__EXERCISE DETAILS__.
The output should be all lines of the entries below in which the word "layers" occurs.
* * *
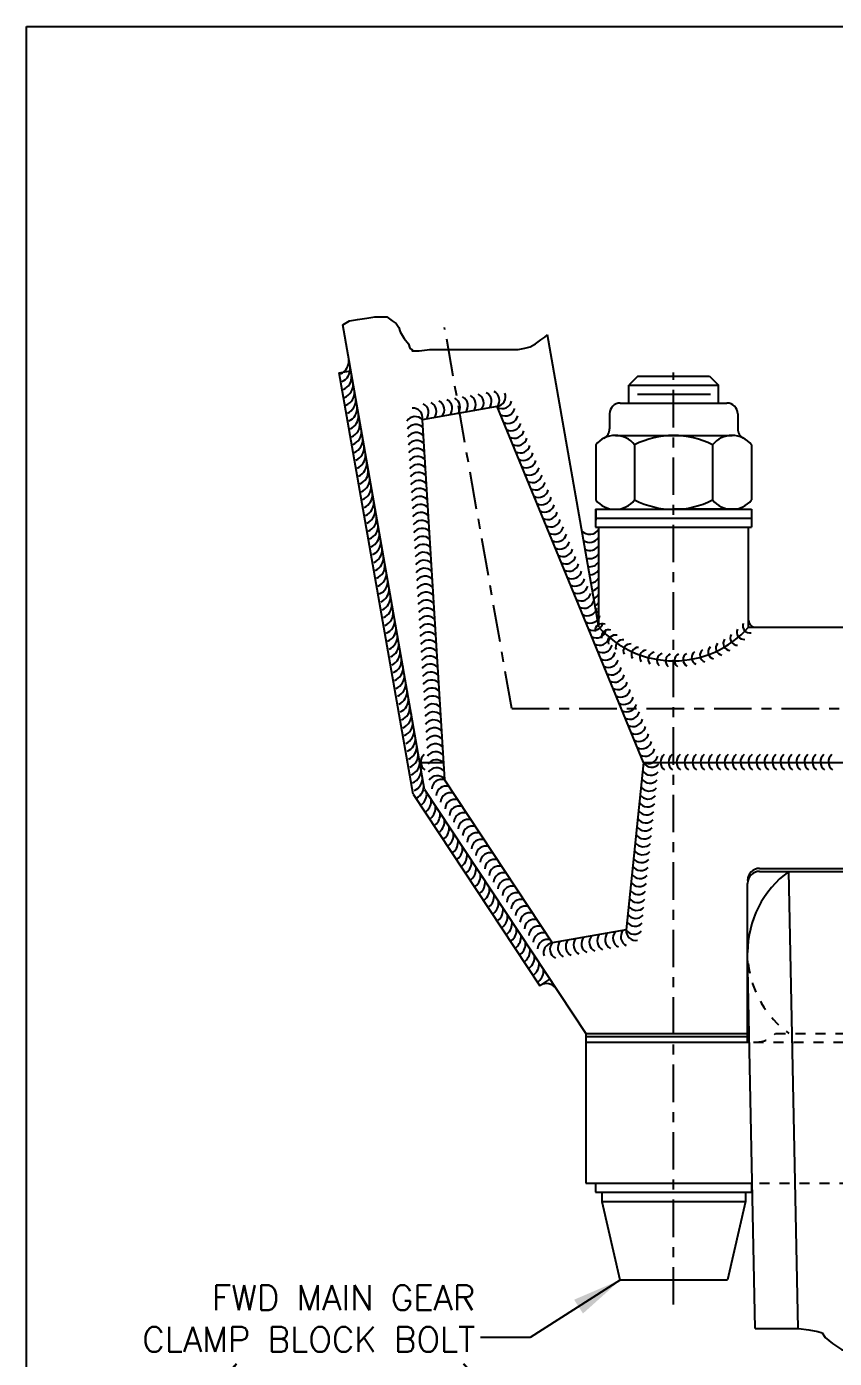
# Model space of a CAD drawing. Extents: x 0 to 267, y -90 to 34.
# Drawn here: x 75.06 to 83.14, y 13.73 to 27.05 of the extents above; entities that cross this region are included whole.
import ezdxf

# ---------------------------------------------------------------- set-up
doc = ezdxf.new("R2010")
doc.units = 0
doc.header["$LTSCALE"] = 0.3
doc.header["$MEASUREMENT"] = 0
doc.linetypes.add('CENTER', pattern=[2, 1.25, -0.25, 0.25, -0.25])
doc.linetypes.add('HIDDEN', pattern=[0.375, 0.25, -0.125])
doc.layers.get('0').update_dxf_attribs({"linetype": 'CONTINUOUS'})
for name, color, linetype in [('1', 1, 'CONTINUOUS'), ('FUSE', 4, 'CONTINUOUS'), ('NOTES', 2, 'CONTINUOUS')]:
    doc.layers.add(name, color=color, linetype=linetype)
doc.styles.add('ROMANS', font='ROMANS.shx')
doc.dimstyles.new('FRACTION', dxfattribs={"dimtxt": 0.125, "dimasz": 0.15, "dimexe": 0.12, "dimexo": 0.12, "dimgap": 0.05, "dimtad": 0, "dimtih": 1, "dimtoh": 1, "dimdec": 4, "dimzin": 4, "dimdsep": 46, "dimlunit": 5, "dimtxsty": 'ROMANS', "dimcen": 0.09, "dimclrd": 6, "dimclre": 6, "dimclrt": 256, "dimadec": 0, "dimazin": 0, "dimtfac": 0.72, "dimtdec": 4, "dimtofl": 0, "dimtmove": 0, "dimatfit": 3, "dimfxl": 1, "dimfrac": 2, "dimtolj": 1, "dimtzin": 4, "dimarcsym": 0})

msp = doc.modelspace()

# ---------------------------------------------------------------- linework, layer by layer
at = {"color": 2}
for p, q in [((81.08764, 23.46624), (81.98224, 23.46624)), ((81.1771, 23.5557), (81.89278, 23.5557)), ((81.17223, 23.37678), (81.90458, 23.37678)), ((81.0012, 23.28732), (82.06868, 23.28732)), ((80.95286, 22.96317), (82.12061, 22.96317)), ((80.75494, 22.86975), (80.75494, 22.31795)), ((81.14494, 22.86975), (81.14494, 22.31795)), ((81.92494, 22.86975), (81.92494, 22.31795)), ((82.31494, 22.86975), (82.31494, 22.31795)), ((80.75494, 22.22452), (80.75494, 22.11717)), ((80.95286, 22.22453), (82.12061, 22.22453)), ((82.31494, 22.22454), (82.31494, 22.11719))]:
    msp.add_line(p, q, dxfattribs=at)
for p in [(80.87944, 22.22453), (82.19044, 22.22453)]:
    msp.add_line(p, (81.53494, 22.22453))
for centre, radius, start, end in [((80.94994, 22.71327), 0.25002, 38.744865, 141.255135), ((81.53494, 22.10239), 0.86077, 63.058495, 116.941505), ((82.11994, 22.71327), 0.25002, 38.744865, 141.255135), ((80.94994, 22.47443), 0.25002, 218.744865, 321.255135), ((81.53494, 23.08531), 0.86077, 243.058495, 296.941505), ((82.11994, 22.47443), 0.25002, 218.744865, 321.255135)]:
    msp.add_arc(centre, radius, start, end, dxfattribs=at)
at = {"layer": '1'}
for p, q in [((78.18629, 23.58827), (78.30447, 23.6091)), ((79.7685, 23.25296), (79.02003, 23.12105)), ((81.23376, 19.69253), (79.7685, 23.25296)), ((79.02003, 23.12105), (79.24131, 19.51893)), ((80.75458, 22.22453), (80.75458, 22.04453)), ((82.3153, 22.22453), (82.3153, 22.04453)), ((80.78494, 21.05764), (80.78494, 22.04453)), ((82.28494, 21.04453), (82.28494, 22.04453)), ((81.23376, 19.69253), (81.05896, 18.01747)), ((79.24131, 19.51893), (80.32035, 17.8873)), ((78.92878, 19.37514), (80.1963, 17.45851)), ((79.04263, 19.42053), (80.65494, 16.98253)), ((82.78251, 14.03102), (82.68851, 18.60253)), ((82.27494, 16.89553), (82.27494, 18.48253)), ((81.05896, 18.01747), (80.32035, 17.8873)), ((82.35229, 14.03102), (82.27494, 17.79253)), ((80.1963, 17.45851), (80.29639, 17.5247)), ((80.65494, 16.98253), (80.65494, 15.48253)), ((80.75458, 15.48253), (80.75458, 15.39311)), ((82.3153, 15.48253), (82.3153, 15.39311)), ((80.75458, 15.39311), (82.3153, 15.39311))]:
    msp.add_line(p, q, dxfattribs=at)
at = {"layer": '1', "color": 2, "linetype": 'CENTER'}
for p, q in [((81.53494, 14.26948), (81.53494, 23.59165)), ((81.08764, 23.28732), (81.08764, 23.46624)), ((81.98224, 23.28732), (81.98224, 23.46624)), ((80.81494, 15.39311), (80.81494, 15.29911)), ((82.25494, 15.39311), (82.25494, 15.29911))]:
    msp.add_line(p, q, dxfattribs=at)
at = {"layer": '1', "color": 2}
for p, q in [((81.1771, 23.5557), (81.08764, 23.46624)), ((81.89278, 23.5557), (81.98224, 23.46624)), ((80.89384, 23.17997), (80.89384, 23.03088)), ((82.17603, 23.17997), (82.17603, 23.03088)), ((80.75494, 22.22452), (82.31494, 22.22454)), ((80.81494, 15.29911), (80.99494, 14.51811)), ((82.25494, 15.29911), (82.07494, 14.51811))]:
    msp.add_line(p, q, dxfattribs=at)
at = {"layer": '1', "color": 4, "linetype": 'Continuous'}
for p, q in [((80.75458, 22.22453), (82.3153, 22.22453)), ((80.75458, 22.13453), (82.3153, 22.13453)), ((80.75458, 22.04453), (82.3153, 22.04453))]:
    msp.add_line(p, q, dxfattribs=at)
at = {"layer": '1', "color": 2, "linetype": 'Continuous'}
for p, q in [((80.81494, 15.29911), (82.25494, 15.29911)), ((80.99494, 14.51811), (82.07494, 14.51811))]:
    msp.add_line(p, q, dxfattribs=at)
at = {"layer": '1'}
for points in [[(78.22301, 24.07134), (78.29064, 24.11022), (78.37095, 24.12417), (78.46493, 24.13811), (78.54524, 24.15031), (78.66485, 24.15031), (78.71953, 24.11022), (78.75883, 24.08234), (78.78617, 24.04225), (78.79984, 24.00042), (78.83914, 23.93245), (78.88015, 23.87842), (78.89382, 23.83659), (78.91945, 23.82264), (78.91945, 23.8087), (78.9878, 23.8087), (79.09374, 23.82264), (79.97886, 23.82264), (80.0455, 23.83659), (80.09847, 23.85053), (80.15315, 23.87842), (80.20612, 23.9185), (80.24713, 23.94639), (80.27147, 23.97121)], [(82.35229, 14.03102), (82.78459, 14.03102), (82.88883, 14.01533), (82.97768, 13.99965), (83.02211, 13.9857), (83.05116, 13.94039), (83.12463, 13.87939), (83.21348, 13.82013), (83.30234, 13.78876), (83.44929, 13.75913), (83.61333, 13.74344), (83.76028, 13.7295)]]:
    msp.add_lwpolyline(points, dxfattribs=at)
for centre, radius, start, end in [((78.14878, 23.70694), 0.13656, 292.14927, 5.210162), ((78.16268, 23.62826), 0.13656, 292.14927, 5.210162), ((78.17657, 23.54959), 0.13656, 292.14927, 5.210162), ((78.19047, 23.47091), 0.13656, 292.14927, 5.210162), ((78.20437, 23.39224), 0.13656, 292.14927, 5.210162), ((78.21827, 23.31356), 0.13656, 292.14927, 5.210162), ((79.221, 23.23337), 0.09822, 319.583123, 63.474062), ((79.29979, 23.24724), 0.09822, 319.583123, 63.474062), ((79.37857, 23.26112), 0.09822, 319.583123, 63.474062), ((79.45736, 23.275), 0.09822, 319.583123, 63.474062), ((79.53615, 23.28888), 0.09822, 319.583123, 63.474062), ((79.61493, 23.30276), 0.09822, 319.583123, 63.474062), ((79.69372, 23.31663), 0.09822, 319.583123, 63.474062), ((79.75478, 23.35021), 0.09822, 278.028661, 21.9196), ((78.23217, 23.23489), 0.13656, 292.14927, 5.210162), ((78.92358, 23.1396), 0.09822, 349.114729, 93.005668), ((78.98464, 23.19173), 0.09822, 319.583123, 63.474062), ((79.06343, 23.20561), 0.09822, 319.583123, 63.474062), ((79.14221, 23.21949), 0.09822, 319.583123, 63.474062), ((79.81848, 23.33025), 0.09822, 241.963123, 345.854062), ((79.84892, 23.25627), 0.09822, 241.963123, 345.854062), ((78.24607, 23.15621), 0.13656, 292.14927, 5.210162), ((78.25997, 23.07753), 0.13656, 292.14927, 5.210162), ((78.94833, 23.05393), 0.09822, 43.113123, 147.004062), ((78.95325, 22.97408), 0.09822, 43.113123, 147.004062), ((79.87937, 23.18229), 0.09822, 241.963123, 345.854062), ((79.90982, 23.10831), 0.09822, 241.963123, 345.854062), ((78.27387, 22.99886), 0.13656, 292.14927, 5.210162), ((78.28777, 22.92018), 0.13656, 292.14927, 5.210162), ((78.95816, 22.89423), 0.09822, 43.113123, 147.004062), ((79.94027, 23.03433), 0.09822, 241.963123, 345.854062), ((79.97071, 22.96035), 0.09822, 241.963123, 345.854062), ((78.30166, 22.84151), 0.13656, 292.14927, 5.210162), ((78.96307, 22.81438), 0.09822, 43.113123, 147.004062), ((78.96798, 22.73453), 0.09822, 43.113123, 147.004062), ((80.00116, 22.88637), 0.09822, 241.963123, 345.854062), ((80.03161, 22.81239), 0.09822, 241.963123, 345.854062), ((78.31556, 22.76283), 0.13656, 292.14927, 5.210162), ((78.32946, 22.68416), 0.13656, 292.14927, 5.210162), ((78.97289, 22.65468), 0.09822, 43.113123, 147.004062), ((78.9778, 22.57484), 0.09822, 43.113123, 147.004062), ((80.06205, 22.73841), 0.09822, 241.963123, 345.854062), ((78.34336, 22.60548), 0.13656, 292.14927, 5.210162), ((78.35726, 22.5268), 0.13656, 292.14927, 5.210162), ((78.98272, 22.49499), 0.09822, 43.113123, 147.004062), ((78.98763, 22.41514), 0.09822, 43.113123, 147.004062), ((80.0925, 22.66443), 0.09822, 241.963123, 345.854062), ((80.12295, 22.59045), 0.09822, 241.963123, 345.854062), ((78.37116, 22.44813), 0.13656, 292.14927, 5.210162), ((78.38506, 22.36945), 0.13656, 292.14927, 5.210162), ((78.99254, 22.33529), 0.09822, 43.113123, 147.004062), ((80.15339, 22.51647), 0.09822, 241.963123, 345.854062), ((80.18384, 22.44249), 0.09822, 241.963123, 345.854062), ((78.39896, 22.29078), 0.13656, 292.14927, 5.210162), ((78.99745, 22.25544), 0.09822, 43.113123, 147.004062), ((79.00236, 22.17559), 0.09822, 43.113123, 147.004062), ((80.21429, 22.36851), 0.09822, 241.963123, 345.854062), ((80.24473, 22.29453), 0.09822, 241.963123, 345.854062), ((78.41286, 22.2121), 0.13656, 292.14927, 5.210162), ((78.42675, 22.13343), 0.13656, 292.14927, 5.210162), ((79.00727, 22.09574), 0.09822, 43.113123, 147.004062), ((79.01219, 22.01589), 0.09822, 43.113123, 147.004062), ((80.27518, 22.22055), 0.09822, 241.963123, 345.854062), ((80.30563, 22.14657), 0.09822, 241.963123, 345.854062), ((78.44065, 22.05475), 0.13656, 292.14927, 5.210162), ((78.45455, 21.97608), 0.13656, 292.14927, 5.210162), ((79.0171, 21.93604), 0.09822, 43.113123, 147.004062), ((80.33607, 22.07259), 0.09822, 241.963123, 345.854062), ((80.69464, 22.08489), 0.10957, 225.355561, 325.260284), ((78.46845, 21.8974), 0.13656, 292.14927, 5.210162), ((79.02201, 21.85619), 0.09822, 43.113123, 147.004062), ((79.02692, 21.77634), 0.09822, 43.113123, 147.004062), ((80.36652, 21.99861), 0.09822, 241.963123, 345.854062), ((80.39697, 21.92463), 0.09822, 241.963123, 345.854062), ((80.69464, 22.00362), 0.10957, 236.617208, 325.260284), ((80.69464, 21.92236), 0.10957, 246.071527, 325.260284), ((78.48235, 21.81872), 0.13656, 292.14927, 5.210162), ((78.49625, 21.74005), 0.13656, 292.14927, 5.210162), ((79.03183, 21.6965), 0.09822, 43.113123, 147.004062), ((79.03675, 21.61665), 0.09822, 43.113123, 147.004062), ((80.42742, 21.85065), 0.09822, 241.963123, 345.854062), ((80.45786, 21.77667), 0.09822, 241.963123, 345.854062), ((80.69464, 21.84109), 0.10957, 254.567781, 325.260284), ((78.51015, 21.66137), 0.13656, 292.14927, 5.210162), ((78.52405, 21.5827), 0.13656, 292.14927, 5.210162), ((79.04166, 21.5368), 0.09822, 43.113123, 147.004062), ((80.48831, 21.70269), 0.09822, 241.963123, 345.854062), ((80.51876, 21.62871), 0.09822, 241.963123, 345.854062), ((80.69464, 21.75983), 0.10957, 262.498759, 325.260284), ((80.69464, 21.67856), 0.10957, 270.095404, 325.260284), ((78.53795, 21.50402), 0.13656, 292.14927, 5.210162), ((79.04657, 21.45695), 0.09822, 43.113123, 147.004062), ((79.05148, 21.3771), 0.09822, 43.113123, 147.004062), ((80.5492, 21.55473), 0.09822, 241.963123, 345.854062), ((80.57965, 21.48075), 0.09822, 241.963123, 345.854062), ((80.69464, 21.5973), 0.10957, 277.518996, 325.260284), ((80.69464, 21.51603), 0.10957, 284.900944, 325.260284), ((78.55184, 21.42535), 0.13656, 292.14927, 5.210162), ((78.56574, 21.34667), 0.13656, 292.14927, 5.210162), ((79.05639, 21.29725), 0.09822, 43.113123, 147.004062), ((79.0613, 21.2174), 0.09822, 43.113123, 147.004062), ((80.6101, 21.40678), 0.09822, 241.963123, 345.854062), ((80.69464, 21.43476), 0.10957, 292.366038, 325.260284), ((78.57964, 21.26799), 0.13656, 292.14927, 5.210162), ((78.59354, 21.18932), 0.13656, 292.14927, 5.210162), ((79.06622, 21.13755), 0.09822, 43.113123, 147.004062), ((80.64054, 21.3328), 0.09822, 241.963123, 345.854062), ((80.67099, 21.25882), 0.09822, 241.963123, 345.854062), ((80.69464, 21.3535), 0.10957, 300.052502, 325.260284), ((80.69464, 21.27223), 0.10957, 308.138701, 325.260284), ((78.60744, 21.11064), 0.13656, 292.14927, 5.210162), ((79.07113, 21.0577), 0.09822, 43.113123, 147.004062), ((79.07604, 20.97785), 0.09822, 43.113123, 147.004062), ((80.70144, 21.18484), 0.09822, 241.963123, 345.854062), ((80.73188, 21.11086), 0.09822, 241.963123, 345.854062), ((80.81896, 21.00953), 0.07119, 65.070254, 186.129837), ((82.29816, 21.05856), 0.07119, 160.070254, 281.129837), ((82.35592, 21.11664), 0.07119, 180.561642, 272.554435), ((78.62134, 21.03197), 0.13656, 292.14927, 5.210162), ((78.63524, 20.95329), 0.13656, 292.14927, 5.210162), ((79.08095, 20.898), 0.09822, 43.113123, 147.004062), ((79.08586, 20.81816), 0.09822, 43.113123, 147.004062), ((80.76233, 21.03688), 0.09822, 241.963123, 345.854062), ((80.79278, 20.9629), 0.09822, 241.963123, 345.854062), ((81.53609, 21.71176), 1.00297, 221.70123, 318.29877), ((80.88289, 20.9497), 0.07119, 70.070254, 191.129837), ((80.9518, 20.89567), 0.07119, 75.070254, 196.129837), ((81.02515, 20.84785), 0.07119, 80.070254, 201.129837), ((82.10313, 20.88358), 0.07119, 145.070254, 266.129837), ((82.17315, 20.93615), 0.07119, 150.070254, 271.129837), ((82.23833, 20.99463), 0.07119, 155.070254, 276.129837), ((78.64914, 20.87462), 0.13656, 292.14927, 5.210162), ((78.66304, 20.79594), 0.13656, 292.14927, 5.210162), ((79.09077, 20.73831), 0.09822, 43.113123, 147.004062), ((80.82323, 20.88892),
* * *
__RESPONSE__.
doc.layers.get('0').update_dxf_attribs({"linetype": 'CONTINUOUS'})
    doc.layers.add(name, color=color, linetype=linetype)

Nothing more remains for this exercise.